Bartlett native rises to the challenge of 'Vortex'
If you threw "The Great Gatsby," "Hamlet" and the grittiness of "Pulp Fiction" into a blender and mixed them into one theatrical production, you'd get "The Vortex."
The classic Noël Coward play about members of the upper class in the Roaring '20s dabbling in drugs and sexuality is being resurrected for the inaugural production of the Dead Writers Theater Collective at the Greenhouse Theater Complex in Chicago.
Showtimes: Preview performances are 7:30 p.m. Thursday to Saturday, July 12-14; 2:30 p.m. Sunday, July 15; and 7:30 p.m. Thursday, July 19. Opening night is at 7:30 p.m. Friday, July 20; showtimes 7:30 p.m. Thursdays through Saturdays, 2:30 p.m. Sundays, July 20 to Aug 26.

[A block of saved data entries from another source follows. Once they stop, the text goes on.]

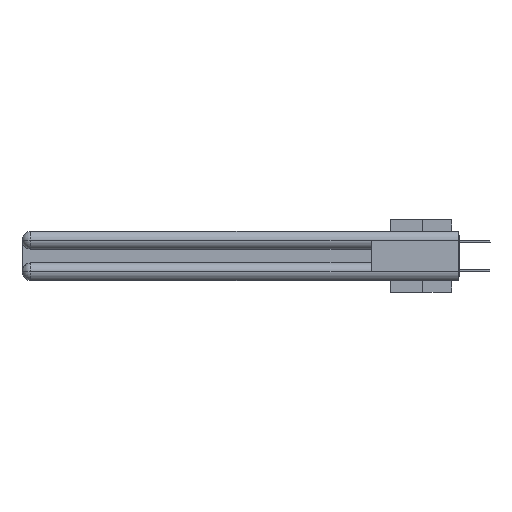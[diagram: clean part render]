
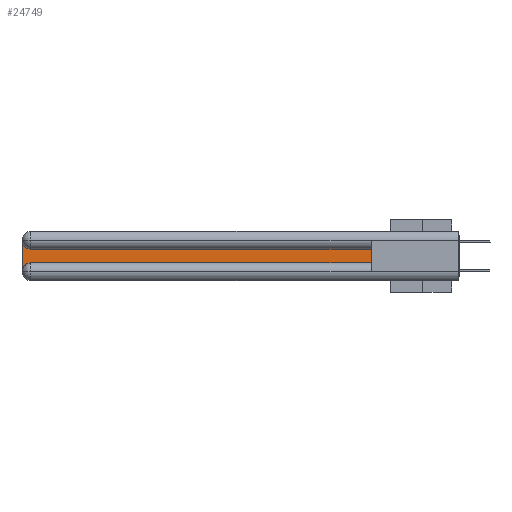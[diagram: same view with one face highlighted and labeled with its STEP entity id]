
A CAD part, left-side view. The second image highlights one B-rep face of the part: STEP entity #24749.
In plain terms, the highlighted planar face has unit normal (-1, 0, 0).
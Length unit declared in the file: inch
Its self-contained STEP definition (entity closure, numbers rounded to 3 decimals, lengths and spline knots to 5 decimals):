
#399 = CARTESIAN_POINT ( 'NONE',  ( 0.075, 3., -0.1225 ) ) ;
#461 = CARTESIAN_POINT ( 'NONE',  ( 0.075, 3., -0.2175 ) ) ;
#1177 = VERTEX_POINT ( 'NONE', #16290 ) ;
#1193 = ORIENTED_EDGE ( 'NONE', *, *, #19375, .T. ) ;
#1414 = DIRECTION ( 'NONE',  ( 1., 0., 0. ) ) ;
#1518 = CARTESIAN_POINT ( 'NONE',  ( 0.075, 3., -0.0625 ) ) ;
#2955 = PLANE ( 'NONE',  #14122 ) ;
#3306 = LINE ( 'NONE', #5769, #20383 ) ;
#3505 = DIRECTION ( 'NONE',  ( 0., 0., 1. ) ) ;
#3613 = AXIS2_PLACEMENT_3D ( 'NONE', #5467, #27527, #17961 ) ;
#3746 = DIRECTION ( 'NONE',  ( 0., 0., -1. ) ) ;
#4118 = DIRECTION ( 'NONE',  ( 0., -1., 0. ) ) ;
#5467 = CARTESIAN_POINT ( 'NONE',  ( 0.075, 2.94, -0.0625 ) ) ;
#5769 = CARTESIAN_POINT ( 'NONE',  ( 0.075, 0.6, -0.2175 ) ) ;
#5779 = VECTOR ( 'NONE', #10041, 39.37008 ) ;
#6425 = CIRCLE ( 'NONE', #3613, 0.06 ) ;
#6492 = LINE ( 'NONE', #461, #5779 ) ;
#7890 = CARTESIAN_POINT ( 'NONE',  ( 0.075, 0.6, -0.1225 ) ) ;
#8449 = ORIENTED_EDGE ( 'NONE', *, *, #10468, .T. ) ;
#8749 = EDGE_CURVE ( 'NONE', #10163, #13208, #6425, .T. ) ;
#9058 = CARTESIAN_POINT ( 'NONE',  ( 0.075, 2.94, -0.2175 ) ) ;
#9883 = CARTESIAN_POINT ( 'NONE',  ( 0.075, 2.94, -0.1225 ) ) ;
#10041 = DIRECTION ( 'NONE',  ( 0., 0., -1. ) ) ;
#10163 = VERTEX_POINT ( 'NONE', #9883 ) ;
#10468 = EDGE_CURVE ( 'NONE', #1177, #10163, #22669, .T. ) ;
#12157 = DIRECTION ( 'NONE',  ( 0., 1., 0. ) ) ;
#13208 = VERTEX_POINT ( 'NONE', #1518 ) ;
#13285 = EDGE_LOOP ( 'NONE', ( #8449, #16926, #1193, #21303, #25595, #23629 ) ) ;
#14122 = AXIS2_PLACEMENT_3D ( 'NONE', #399, #23747, #28581 ) ;
#14315 = FACE_OUTER_BOUND ( 'NONE', #13285, .T. ) ;
#15438 = CIRCLE ( 'NONE', #24567, 0.06 ) ;
#15525 = VERTEX_POINT ( 'NONE', #26980 ) ;
#15659 = VECTOR ( 'NONE', #3505, 39.37008 ) ;
#16290 = CARTESIAN_POINT ( 'NONE',  ( 0.075, 0.6, -0.1225 ) ) ;
#16515 = VECTOR ( 'NONE', #12157, 39.37008 ) ;
#16926 = ORIENTED_EDGE ( 'NONE', *, *, #8749, .T. ) ;
#17444 = CARTESIAN_POINT ( 'NONE',  ( 0.075, 0.6, -0.2175 ) ) ;
#17700 = CARTESIAN_POINT ( 'NONE',  ( 0.075, 2.94, -0.2775 ) ) ;
#17789 = EDGE_CURVE ( 'NONE', #28885, #29030, #3306, .T. ) ;
#17961 = DIRECTION ( 'NONE',  ( 0., 0., -1. ) ) ;
#18264 = EDGE_CURVE ( 'NONE', #29030, #1177, #27914, .T. ) ;
#19375 = EDGE_CURVE ( 'NONE', #13208, #15525, #6492, .T. ) ;
#20383 = VECTOR ( 'NONE', #4118, 39.37008 ) ;
#21303 = ORIENTED_EDGE ( 'NONE', *, *, #21798, .T. ) ;
#21798 = EDGE_CURVE ( 'NONE', #15525, #28885, #15438, .T. ) ;
#22669 = LINE ( 'NONE', #7890, #16515 ) ;
#23629 = ORIENTED_EDGE ( 'NONE', *, *, #18264, .T. ) ;
#23747 = DIRECTION ( 'NONE',  ( 1., 0., 0. ) ) ;
#24567 = AXIS2_PLACEMENT_3D ( 'NONE', #17700, #1414, #3746 ) ;
#24749 = ADVANCED_FACE ( 'NONE', ( #14315 ), #2955, .F. ) ;
#25595 = ORIENTED_EDGE ( 'NONE', *, *, #17789, .T. ) ;
#26980 = CARTESIAN_POINT ( 'NONE',  ( 0.075, 3., -0.2775 ) ) ;
#27527 = DIRECTION ( 'NONE',  ( 1., 0., 0. ) ) ;
#27914 = LINE ( 'NONE', #17444, #15659 ) ;
#27947 = CARTESIAN_POINT ( 'NONE',  ( 0.075, 0.6, -0.2175 ) ) ;
#28581 = DIRECTION ( 'NONE',  ( 0., 0., -1. ) ) ;
#28885 = VERTEX_POINT ( 'NONE', #9058 ) ;
#29030 = VERTEX_POINT ( 'NONE', #27947 ) ;
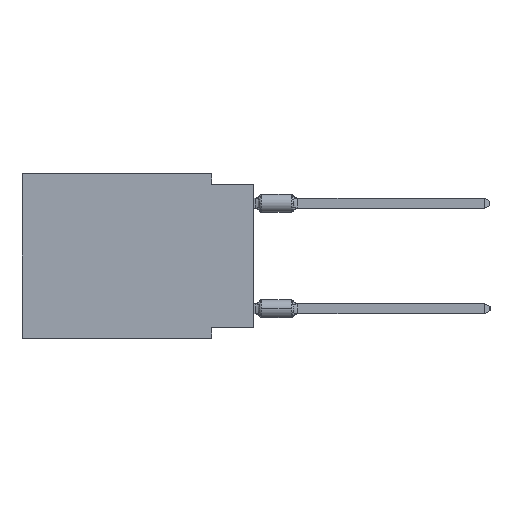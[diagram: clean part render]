
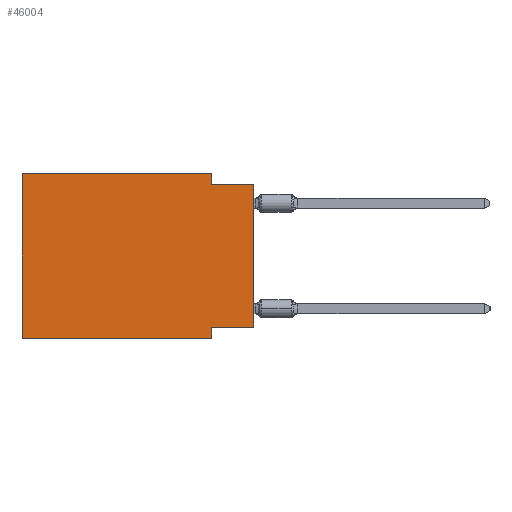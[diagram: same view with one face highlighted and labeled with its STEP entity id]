
A CAD part, left-side view. The second image highlights one B-rep face of the part: STEP entity #46004.
In plain terms, the highlighted planar face has unit normal (-1, 0, 0).
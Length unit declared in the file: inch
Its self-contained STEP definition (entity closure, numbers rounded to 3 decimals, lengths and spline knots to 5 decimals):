
#1530 = VECTOR ( 'NONE', #15314, 39.37008 ) ;
#1866 = CARTESIAN_POINT ( 'NONE',  ( 0., 0., -0.365 ) ) ;
#1868 = ORIENTED_EDGE ( 'NONE', *, *, #14998, .F. ) ;
#2876 = ORIENTED_EDGE ( 'NONE', *, *, #9544, .T. ) ;
#4239 = CARTESIAN_POINT ( 'NONE',  ( 0., 0.1, 0. ) ) ;
#5501 = EDGE_CURVE ( 'NONE', #59903, #7930, #24935, .T. ) ;
#7293 = EDGE_CURVE ( 'NONE', #59903, #14405, #15262, .T. ) ;
#7930 = VERTEX_POINT ( 'NONE', #44501 ) ;
#9059 = VERTEX_POINT ( 'NONE', #51049 ) ;
#9509 = VERTEX_POINT ( 'NONE', #52294 ) ;
#9544 = EDGE_CURVE ( 'NONE', #9509, #9059, #20797, .T. ) ;
#10987 = ORIENTED_EDGE ( 'NONE', *, *, #18463, .F. ) ;
#11804 = VERTEX_POINT ( 'NONE', #47243 ) ;
#12732 = ORIENTED_EDGE ( 'NONE', *, *, #7293, .T. ) ;
#13629 = DIRECTION ( 'NONE',  ( 0., -1., 0. ) ) ;
#14405 = VERTEX_POINT ( 'NONE', #45697 ) ;
#14998 = EDGE_CURVE ( 'NONE', #7930, #9059, #33730, .T. ) ;
#15262 = LINE ( 'NONE', #60150, #54689 ) ;
#15314 = DIRECTION ( 'NONE',  ( 0., 0., -1. ) ) ;
#18119 = CARTESIAN_POINT ( 'NONE',  ( 0., 0.55, 0. ) ) ;
#18369 = VECTOR ( 'NONE', #18783, 39.37008 ) ;
#18463 = EDGE_CURVE ( 'NONE', #21756, #32215, #35077, .T. ) ;
#18722 = ORIENTED_EDGE ( 'NONE', *, *, #5501, .F. ) ;
#18772 = FACE_OUTER_BOUND ( 'NONE', #65002, .T. ) ;
#18783 = DIRECTION ( 'NONE',  ( 0., 0., 1. ) ) ;
#20797 = LINE ( 'NONE', #30832, #38844 ) ;
#21756 = VERTEX_POINT ( 'NONE', #27691 ) ;
#22809 = LINE ( 'NONE', #18119, #18369 ) ;
#23170 = VECTOR ( 'NONE', #54520, 39.37008 ) ;
#24935 = LINE ( 'NONE', #45398, #30078 ) ;
#26458 = DIRECTION ( 'NONE',  ( 0., -1., 0. ) ) ;
#27408 = EDGE_CURVE ( 'NONE', #9509, #11804, #22809, .T. ) ;
#27691 = CARTESIAN_POINT ( 'NONE',  ( 0., 0.1, 0. ) ) ;
#28844 = ORIENTED_EDGE ( 'NONE', *, *, #58465, .F. ) ;
#29964 = CARTESIAN_POINT ( 'NONE',  ( 0., 0., -0.025 ) ) ;
#30078 = VECTOR ( 'NONE', #31617, 39.37008 ) ;
#30832 = CARTESIAN_POINT ( 'NONE',  ( 0., 0.55, -0.39 ) ) ;
#31617 = DIRECTION ( 'NONE',  ( 0., 1., 0. ) ) ;
#32215 = VERTEX_POINT ( 'NONE', #47730 ) ;
#33730 = LINE ( 'NONE', #64548, #23170 ) ;
#35077 = LINE ( 'NONE', #4239, #1530 ) ;
#36168 = PLANE ( 'NONE',  #55175 ) ;
#38844 = VECTOR ( 'NONE', #26458, 39.37008 ) ;
#39081 = LINE ( 'NONE', #59513, #59740 ) ;
#39373 = VECTOR ( 'NONE', #39715, 39.37008 ) ;
#39715 = DIRECTION ( 'NONE',  ( 0., -1., 0. ) ) ;
#40531 = DIRECTION ( 'NONE',  ( 0., 0., -1. ) ) ;
#43767 = LINE ( 'NONE', #29964, #39373 ) ;
#44501 = CARTESIAN_POINT ( 'NONE',  ( 0., 0.1, -0.365 ) ) ;
#45398 = CARTESIAN_POINT ( 'NONE',  ( 0., 0., -0.365 ) ) ;
#45697 = CARTESIAN_POINT ( 'NONE',  ( 0., 0., -0.025 ) ) ;
#46004 = ADVANCED_FACE ( 'NONE', ( #18772 ), #36168, .F. ) ;
#47243 = CARTESIAN_POINT ( 'NONE',  ( 0., 0.55, 0. ) ) ;
#47730 = CARTESIAN_POINT ( 'NONE',  ( 0., 0.1, -0.025 ) ) ;
#50110 = DIRECTION ( 'NONE',  ( 0., 0., 1. ) ) ;
#51049 = CARTESIAN_POINT ( 'NONE',  ( 0., 0.1, -0.39 ) ) ;
#51606 = ORIENTED_EDGE ( 'NONE', *, *, #57687, .F. ) ;
#52294 = CARTESIAN_POINT ( 'NONE',  ( 0., 0.55, -0.39 ) ) ;
#54520 = DIRECTION ( 'NONE',  ( 0., 0., -1. ) ) ;
#54689 = VECTOR ( 'NONE', #50110, 39.37008 ) ;
#55175 = AXIS2_PLACEMENT_3D ( 'NONE', #61626, #60301, #40531 ) ;
#57687 = EDGE_CURVE ( 'NONE', #32215, #14405, #43767, .T. ) ;
#58465 = EDGE_CURVE ( 'NONE', #11804, #21756, #39081, .T. ) ;
#59513 = CARTESIAN_POINT ( 'NONE',  ( 0., 0.55, 0. ) ) ;
#59740 = VECTOR ( 'NONE', #13629, 39.37008 ) ;
#59903 = VERTEX_POINT ( 'NONE', #1866 ) ;
#60150 = CARTESIAN_POINT ( 'NONE',  ( 0., 0., 0. ) ) ;
#60301 = DIRECTION ( 'NONE',  ( 1., 0., 0. ) ) ;
#61626 = CARTESIAN_POINT ( 'NONE',  ( 0., 0.55, 0. ) ) ;
#62488 = ORIENTED_EDGE ( 'NONE', *, *, #27408, .F. ) ;
#64548 = CARTESIAN_POINT ( 'NONE',  ( 0., 0.1, -0.39 ) ) ;
#65002 = EDGE_LOOP ( 'NONE', ( #12732, #51606, #10987, #28844, #62488, #2876, #1868, #18722 ) ) ;

Tickets: $15 for previews, $30 for scheduled run
At the heart of "The Vortex," directed by Jim Schneider, is the character Nicky Lancaster, played by Kaelan Strouse, a native of Bartlett. Lancaster is an inspiring concert pianist returning home from Paris, France. It isn't such a warm welcome when he sees that his mother is a sexual deviant trying desperately to retain her youth, preying on his friends and other young men.
Strouse has been in the acting business in the Chicago area since graduating from Northwestern University in 2009. Between gigs at Second City, Pegasus Players and filming two feature films — "Hogtown" and "In Between Engagements" — there's been a lot of work and variety for the young actor.
The role of Nicky in "The Vortex" was not something Strouse just auditioned for and jumped into. After an initial reading of the play, there was an additional year of preparation that was needed to learn every facet of the character, including how to play the piano. Where he has had more experience playing light and funny roles, the part of Lancaster has presented a challenge for Strouse.
"It was a lot of work and there are a lot of dark themes in this play. I'm not as comfortable playing those types of roles," Strouse said. "Nicky has a lot of nice moments, but he's hurting a lot on the inside."
Strouse said the characters in "The Vortex," which opens Thursday, July 12, and runs through Sunday, Aug. 26, are representative of today.
"There's a need to go faster and break the rules, especially when it comes to society's romantic rules," Strouse says.
For example, when he returns home, Nicky brings with him a new fiancee, but their relationship begins to turn sour because of their drug use and her infidelity.
"Nicky through this is trying to stay grounded and stay sane while his world around him seems to be crashing down," Strouse said.
The quality of the production was something Strouse said really impressed him.
"The quality to this production is absurd," Strouse explained. "The props, the costumes, the set are all modeled from real pieces from that 1920s era — it's something that I haven't seen any company put so much effort into. It's going to be special."